#### DATA RECORDS:
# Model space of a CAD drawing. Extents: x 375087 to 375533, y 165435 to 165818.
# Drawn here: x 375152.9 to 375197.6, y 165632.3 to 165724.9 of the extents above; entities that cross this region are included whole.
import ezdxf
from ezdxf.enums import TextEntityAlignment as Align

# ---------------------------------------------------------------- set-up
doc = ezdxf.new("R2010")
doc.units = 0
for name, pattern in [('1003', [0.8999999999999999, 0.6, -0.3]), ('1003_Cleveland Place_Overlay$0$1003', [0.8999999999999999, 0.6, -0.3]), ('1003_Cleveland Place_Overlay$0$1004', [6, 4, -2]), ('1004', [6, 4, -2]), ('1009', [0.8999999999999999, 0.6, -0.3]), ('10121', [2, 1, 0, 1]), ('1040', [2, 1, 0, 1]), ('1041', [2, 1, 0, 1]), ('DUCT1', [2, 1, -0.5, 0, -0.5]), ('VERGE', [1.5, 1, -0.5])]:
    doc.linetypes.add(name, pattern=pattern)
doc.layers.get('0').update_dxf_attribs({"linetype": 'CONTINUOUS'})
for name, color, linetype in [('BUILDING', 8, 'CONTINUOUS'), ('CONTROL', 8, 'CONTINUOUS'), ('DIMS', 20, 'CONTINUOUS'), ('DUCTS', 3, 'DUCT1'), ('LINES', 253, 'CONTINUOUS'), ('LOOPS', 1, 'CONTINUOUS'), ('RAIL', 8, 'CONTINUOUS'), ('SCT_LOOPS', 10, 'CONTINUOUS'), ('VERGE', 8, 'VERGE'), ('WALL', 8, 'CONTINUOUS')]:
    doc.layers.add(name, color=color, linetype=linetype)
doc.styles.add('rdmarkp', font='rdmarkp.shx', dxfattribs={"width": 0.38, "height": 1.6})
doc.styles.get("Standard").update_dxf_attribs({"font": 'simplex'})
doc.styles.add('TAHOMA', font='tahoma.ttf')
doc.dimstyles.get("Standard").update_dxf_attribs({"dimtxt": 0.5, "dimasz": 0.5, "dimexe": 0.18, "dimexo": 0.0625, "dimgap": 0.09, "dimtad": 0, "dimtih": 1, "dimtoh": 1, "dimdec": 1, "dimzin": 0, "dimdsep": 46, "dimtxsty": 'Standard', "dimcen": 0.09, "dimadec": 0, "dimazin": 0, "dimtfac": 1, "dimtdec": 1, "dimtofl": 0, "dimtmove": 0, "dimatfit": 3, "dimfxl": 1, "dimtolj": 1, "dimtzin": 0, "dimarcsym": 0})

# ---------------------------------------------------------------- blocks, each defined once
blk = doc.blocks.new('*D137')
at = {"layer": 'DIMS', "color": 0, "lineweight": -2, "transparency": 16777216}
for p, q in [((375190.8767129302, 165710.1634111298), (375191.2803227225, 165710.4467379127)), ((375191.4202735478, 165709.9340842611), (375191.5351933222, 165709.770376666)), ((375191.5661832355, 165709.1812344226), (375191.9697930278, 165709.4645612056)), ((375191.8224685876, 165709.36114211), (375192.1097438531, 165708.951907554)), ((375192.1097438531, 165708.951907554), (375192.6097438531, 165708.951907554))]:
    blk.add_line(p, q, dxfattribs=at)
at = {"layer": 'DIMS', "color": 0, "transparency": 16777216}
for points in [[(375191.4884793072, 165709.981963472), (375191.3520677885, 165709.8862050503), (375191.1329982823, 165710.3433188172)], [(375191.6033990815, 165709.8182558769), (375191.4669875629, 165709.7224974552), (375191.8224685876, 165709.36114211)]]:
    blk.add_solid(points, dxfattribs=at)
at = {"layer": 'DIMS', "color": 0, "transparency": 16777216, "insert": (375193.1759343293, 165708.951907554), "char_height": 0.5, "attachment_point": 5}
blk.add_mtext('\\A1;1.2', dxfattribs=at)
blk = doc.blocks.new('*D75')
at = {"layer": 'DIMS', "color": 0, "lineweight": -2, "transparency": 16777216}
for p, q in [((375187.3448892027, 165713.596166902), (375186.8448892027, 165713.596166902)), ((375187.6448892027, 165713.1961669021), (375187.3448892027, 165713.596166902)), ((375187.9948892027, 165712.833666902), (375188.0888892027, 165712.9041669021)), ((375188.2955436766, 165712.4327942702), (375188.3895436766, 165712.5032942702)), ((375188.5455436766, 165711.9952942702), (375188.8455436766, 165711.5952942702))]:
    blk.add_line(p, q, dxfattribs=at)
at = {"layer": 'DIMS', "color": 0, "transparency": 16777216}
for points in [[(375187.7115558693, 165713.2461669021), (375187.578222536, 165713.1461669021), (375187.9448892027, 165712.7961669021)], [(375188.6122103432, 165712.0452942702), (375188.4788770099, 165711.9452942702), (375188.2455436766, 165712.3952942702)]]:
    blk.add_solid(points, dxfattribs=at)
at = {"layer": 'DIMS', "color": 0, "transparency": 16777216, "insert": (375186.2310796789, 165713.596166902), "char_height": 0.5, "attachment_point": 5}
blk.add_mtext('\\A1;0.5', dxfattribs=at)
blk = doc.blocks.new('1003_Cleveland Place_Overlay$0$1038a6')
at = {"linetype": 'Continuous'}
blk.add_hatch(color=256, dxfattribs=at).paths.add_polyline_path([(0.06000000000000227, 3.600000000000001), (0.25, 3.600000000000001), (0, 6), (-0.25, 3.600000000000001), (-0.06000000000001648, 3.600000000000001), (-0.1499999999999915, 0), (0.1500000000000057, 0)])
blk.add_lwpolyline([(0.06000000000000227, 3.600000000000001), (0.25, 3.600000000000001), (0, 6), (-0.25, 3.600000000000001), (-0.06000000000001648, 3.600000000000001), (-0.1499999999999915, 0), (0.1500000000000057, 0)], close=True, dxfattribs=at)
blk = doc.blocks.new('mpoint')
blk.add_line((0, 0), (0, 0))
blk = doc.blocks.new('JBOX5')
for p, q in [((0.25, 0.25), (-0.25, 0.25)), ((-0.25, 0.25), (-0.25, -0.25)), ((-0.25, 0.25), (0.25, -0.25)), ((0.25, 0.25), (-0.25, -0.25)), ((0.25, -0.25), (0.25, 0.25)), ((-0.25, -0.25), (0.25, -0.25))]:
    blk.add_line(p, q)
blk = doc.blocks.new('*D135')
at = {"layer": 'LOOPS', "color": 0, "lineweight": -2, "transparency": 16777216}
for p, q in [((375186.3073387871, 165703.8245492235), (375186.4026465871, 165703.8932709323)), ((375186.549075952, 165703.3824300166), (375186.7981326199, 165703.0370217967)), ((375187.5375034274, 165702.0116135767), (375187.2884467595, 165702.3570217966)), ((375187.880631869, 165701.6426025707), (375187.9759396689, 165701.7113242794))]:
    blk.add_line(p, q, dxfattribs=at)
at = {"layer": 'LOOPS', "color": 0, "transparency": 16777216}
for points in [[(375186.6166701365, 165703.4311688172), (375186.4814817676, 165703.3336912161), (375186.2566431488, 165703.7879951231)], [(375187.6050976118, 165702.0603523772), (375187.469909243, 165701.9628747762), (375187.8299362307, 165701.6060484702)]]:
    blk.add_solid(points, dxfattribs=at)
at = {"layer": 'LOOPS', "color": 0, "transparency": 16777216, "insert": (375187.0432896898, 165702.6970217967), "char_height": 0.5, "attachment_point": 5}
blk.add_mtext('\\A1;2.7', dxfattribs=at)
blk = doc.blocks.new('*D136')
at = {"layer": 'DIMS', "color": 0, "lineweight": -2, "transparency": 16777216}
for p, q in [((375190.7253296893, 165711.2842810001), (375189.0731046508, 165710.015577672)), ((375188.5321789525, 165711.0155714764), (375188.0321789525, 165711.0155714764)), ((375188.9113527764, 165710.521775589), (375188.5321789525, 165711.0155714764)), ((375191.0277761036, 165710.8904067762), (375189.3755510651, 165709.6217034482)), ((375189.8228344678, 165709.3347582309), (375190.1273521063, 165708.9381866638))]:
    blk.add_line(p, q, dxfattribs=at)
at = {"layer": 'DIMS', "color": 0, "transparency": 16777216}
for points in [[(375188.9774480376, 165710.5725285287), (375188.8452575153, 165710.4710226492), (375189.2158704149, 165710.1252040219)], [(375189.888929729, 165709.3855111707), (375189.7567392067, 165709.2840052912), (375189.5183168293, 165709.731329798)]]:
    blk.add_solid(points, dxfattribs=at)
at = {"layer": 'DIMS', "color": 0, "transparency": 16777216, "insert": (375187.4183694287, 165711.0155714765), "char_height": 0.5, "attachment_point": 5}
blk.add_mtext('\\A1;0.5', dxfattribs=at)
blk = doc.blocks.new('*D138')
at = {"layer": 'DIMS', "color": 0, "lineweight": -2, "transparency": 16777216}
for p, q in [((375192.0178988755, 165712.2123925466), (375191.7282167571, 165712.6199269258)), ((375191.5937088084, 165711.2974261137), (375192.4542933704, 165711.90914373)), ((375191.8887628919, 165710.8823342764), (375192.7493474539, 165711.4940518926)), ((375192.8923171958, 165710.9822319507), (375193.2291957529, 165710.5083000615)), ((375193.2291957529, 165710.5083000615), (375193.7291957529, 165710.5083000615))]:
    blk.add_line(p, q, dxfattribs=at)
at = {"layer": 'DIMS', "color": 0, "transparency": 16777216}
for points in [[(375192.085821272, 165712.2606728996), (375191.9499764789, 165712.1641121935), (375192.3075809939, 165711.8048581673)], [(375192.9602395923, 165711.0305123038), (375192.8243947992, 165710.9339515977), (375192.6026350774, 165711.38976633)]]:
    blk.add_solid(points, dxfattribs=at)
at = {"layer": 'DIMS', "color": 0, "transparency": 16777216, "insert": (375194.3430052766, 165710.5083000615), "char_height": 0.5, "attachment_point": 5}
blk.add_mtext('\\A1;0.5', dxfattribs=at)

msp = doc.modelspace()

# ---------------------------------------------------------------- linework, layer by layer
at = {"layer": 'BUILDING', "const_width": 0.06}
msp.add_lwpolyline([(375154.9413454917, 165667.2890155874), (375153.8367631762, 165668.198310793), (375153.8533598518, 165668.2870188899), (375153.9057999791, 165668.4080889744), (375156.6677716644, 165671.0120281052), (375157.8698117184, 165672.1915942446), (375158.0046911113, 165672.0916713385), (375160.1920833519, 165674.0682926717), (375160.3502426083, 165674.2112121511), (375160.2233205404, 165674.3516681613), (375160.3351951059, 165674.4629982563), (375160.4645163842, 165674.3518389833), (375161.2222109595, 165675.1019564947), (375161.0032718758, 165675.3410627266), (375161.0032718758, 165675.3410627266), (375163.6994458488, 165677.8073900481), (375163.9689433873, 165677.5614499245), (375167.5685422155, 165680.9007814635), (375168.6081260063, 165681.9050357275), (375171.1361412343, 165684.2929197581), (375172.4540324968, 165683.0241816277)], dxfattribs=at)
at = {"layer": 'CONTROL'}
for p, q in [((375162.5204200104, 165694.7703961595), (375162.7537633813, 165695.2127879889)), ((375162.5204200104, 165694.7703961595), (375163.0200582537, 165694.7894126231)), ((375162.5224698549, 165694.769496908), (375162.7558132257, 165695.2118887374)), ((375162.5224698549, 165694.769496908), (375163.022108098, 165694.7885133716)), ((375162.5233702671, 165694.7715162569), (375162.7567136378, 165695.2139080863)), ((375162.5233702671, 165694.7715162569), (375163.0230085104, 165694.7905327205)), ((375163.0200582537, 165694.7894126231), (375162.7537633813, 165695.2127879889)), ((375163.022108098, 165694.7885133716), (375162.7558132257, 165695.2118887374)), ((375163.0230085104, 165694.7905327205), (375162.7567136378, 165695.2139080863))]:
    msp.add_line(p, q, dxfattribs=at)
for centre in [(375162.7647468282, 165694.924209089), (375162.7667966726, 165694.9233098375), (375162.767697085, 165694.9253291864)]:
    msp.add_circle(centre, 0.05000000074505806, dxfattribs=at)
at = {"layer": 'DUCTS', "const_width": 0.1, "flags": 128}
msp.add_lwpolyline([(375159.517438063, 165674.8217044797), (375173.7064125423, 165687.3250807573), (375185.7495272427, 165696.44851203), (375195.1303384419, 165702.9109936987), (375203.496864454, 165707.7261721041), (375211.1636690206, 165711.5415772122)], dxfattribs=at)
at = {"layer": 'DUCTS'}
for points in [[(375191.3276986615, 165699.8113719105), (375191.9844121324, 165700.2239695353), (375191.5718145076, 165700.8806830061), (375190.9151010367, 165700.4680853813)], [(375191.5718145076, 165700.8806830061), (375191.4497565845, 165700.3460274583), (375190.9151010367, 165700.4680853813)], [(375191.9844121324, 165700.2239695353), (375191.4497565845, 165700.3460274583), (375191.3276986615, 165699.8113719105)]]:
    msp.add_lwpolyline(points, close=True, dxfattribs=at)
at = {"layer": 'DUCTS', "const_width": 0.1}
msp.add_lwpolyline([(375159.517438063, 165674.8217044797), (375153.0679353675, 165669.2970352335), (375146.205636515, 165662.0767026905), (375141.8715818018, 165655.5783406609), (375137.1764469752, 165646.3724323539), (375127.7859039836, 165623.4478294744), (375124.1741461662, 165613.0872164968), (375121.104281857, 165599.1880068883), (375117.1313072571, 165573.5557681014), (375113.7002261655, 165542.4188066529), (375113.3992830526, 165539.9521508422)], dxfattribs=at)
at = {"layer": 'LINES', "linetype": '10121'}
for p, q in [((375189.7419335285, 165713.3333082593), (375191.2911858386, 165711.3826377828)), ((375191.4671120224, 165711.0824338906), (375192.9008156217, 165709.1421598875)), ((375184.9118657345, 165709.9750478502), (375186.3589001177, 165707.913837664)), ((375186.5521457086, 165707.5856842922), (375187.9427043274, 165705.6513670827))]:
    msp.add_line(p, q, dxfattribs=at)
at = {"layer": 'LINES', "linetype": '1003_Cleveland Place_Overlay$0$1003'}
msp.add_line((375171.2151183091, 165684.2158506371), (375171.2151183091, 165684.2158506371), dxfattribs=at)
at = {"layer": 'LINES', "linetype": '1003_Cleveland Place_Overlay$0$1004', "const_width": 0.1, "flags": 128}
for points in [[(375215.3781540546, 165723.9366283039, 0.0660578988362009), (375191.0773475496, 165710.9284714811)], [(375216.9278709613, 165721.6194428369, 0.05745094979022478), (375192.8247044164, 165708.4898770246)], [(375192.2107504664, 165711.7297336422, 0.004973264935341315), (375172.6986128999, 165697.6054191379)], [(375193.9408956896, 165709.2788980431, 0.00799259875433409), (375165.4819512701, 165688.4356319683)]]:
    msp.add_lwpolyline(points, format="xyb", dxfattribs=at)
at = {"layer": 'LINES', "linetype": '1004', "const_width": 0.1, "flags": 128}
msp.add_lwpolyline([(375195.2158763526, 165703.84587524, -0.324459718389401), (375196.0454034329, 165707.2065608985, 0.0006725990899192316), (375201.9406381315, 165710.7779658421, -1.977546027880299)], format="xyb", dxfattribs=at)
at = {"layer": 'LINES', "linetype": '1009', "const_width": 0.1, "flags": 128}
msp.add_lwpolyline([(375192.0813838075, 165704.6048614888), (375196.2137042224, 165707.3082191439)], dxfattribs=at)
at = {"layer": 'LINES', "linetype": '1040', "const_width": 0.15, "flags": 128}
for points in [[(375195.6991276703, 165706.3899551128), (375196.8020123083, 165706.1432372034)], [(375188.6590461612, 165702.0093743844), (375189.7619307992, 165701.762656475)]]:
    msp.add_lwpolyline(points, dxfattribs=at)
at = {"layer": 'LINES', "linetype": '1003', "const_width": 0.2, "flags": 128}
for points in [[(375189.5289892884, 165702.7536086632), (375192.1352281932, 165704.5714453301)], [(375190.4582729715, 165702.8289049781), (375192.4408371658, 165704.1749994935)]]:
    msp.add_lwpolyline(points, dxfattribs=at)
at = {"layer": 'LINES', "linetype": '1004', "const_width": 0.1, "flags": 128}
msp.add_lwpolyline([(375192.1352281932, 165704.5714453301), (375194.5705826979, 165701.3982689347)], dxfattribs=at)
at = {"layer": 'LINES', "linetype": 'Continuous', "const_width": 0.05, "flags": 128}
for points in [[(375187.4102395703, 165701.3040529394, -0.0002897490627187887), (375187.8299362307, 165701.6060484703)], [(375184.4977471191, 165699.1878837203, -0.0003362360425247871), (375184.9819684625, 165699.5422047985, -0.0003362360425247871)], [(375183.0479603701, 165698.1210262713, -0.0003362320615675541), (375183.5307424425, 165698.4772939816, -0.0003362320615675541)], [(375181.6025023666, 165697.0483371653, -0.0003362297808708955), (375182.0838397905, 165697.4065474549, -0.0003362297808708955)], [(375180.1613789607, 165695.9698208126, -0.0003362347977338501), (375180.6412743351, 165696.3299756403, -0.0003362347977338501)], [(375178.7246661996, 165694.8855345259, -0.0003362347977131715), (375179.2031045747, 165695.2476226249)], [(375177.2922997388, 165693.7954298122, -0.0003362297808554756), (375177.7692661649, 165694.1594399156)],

#### DIRECTIONS:
Return every line from the entries above that contains the word "BUILDING".

#### FINISHED TASK:
for name, color, linetype in [('BUILDING', 8, 'CONTINUOUS'), ('CONTROL', 8, 'CONTINUOUS'), ('DIMS', 20, 'CONTINUOUS'), ('DUCTS', 3, 'DUCT1'), ('LINES', 253, 'CONTINUOUS'), ('LOOPS', 1, 'CONTINUOUS'), ('RAIL', 8, 'CONTINUOUS'), ('SCT_LOOPS', 10, 'CONTINUOUS'), ('VERGE', 8, 'VERGE'), ('WALL', 8, 'CONTINUOUS')]:
at = {"layer": 'BUILDING', "const_width": 0.06}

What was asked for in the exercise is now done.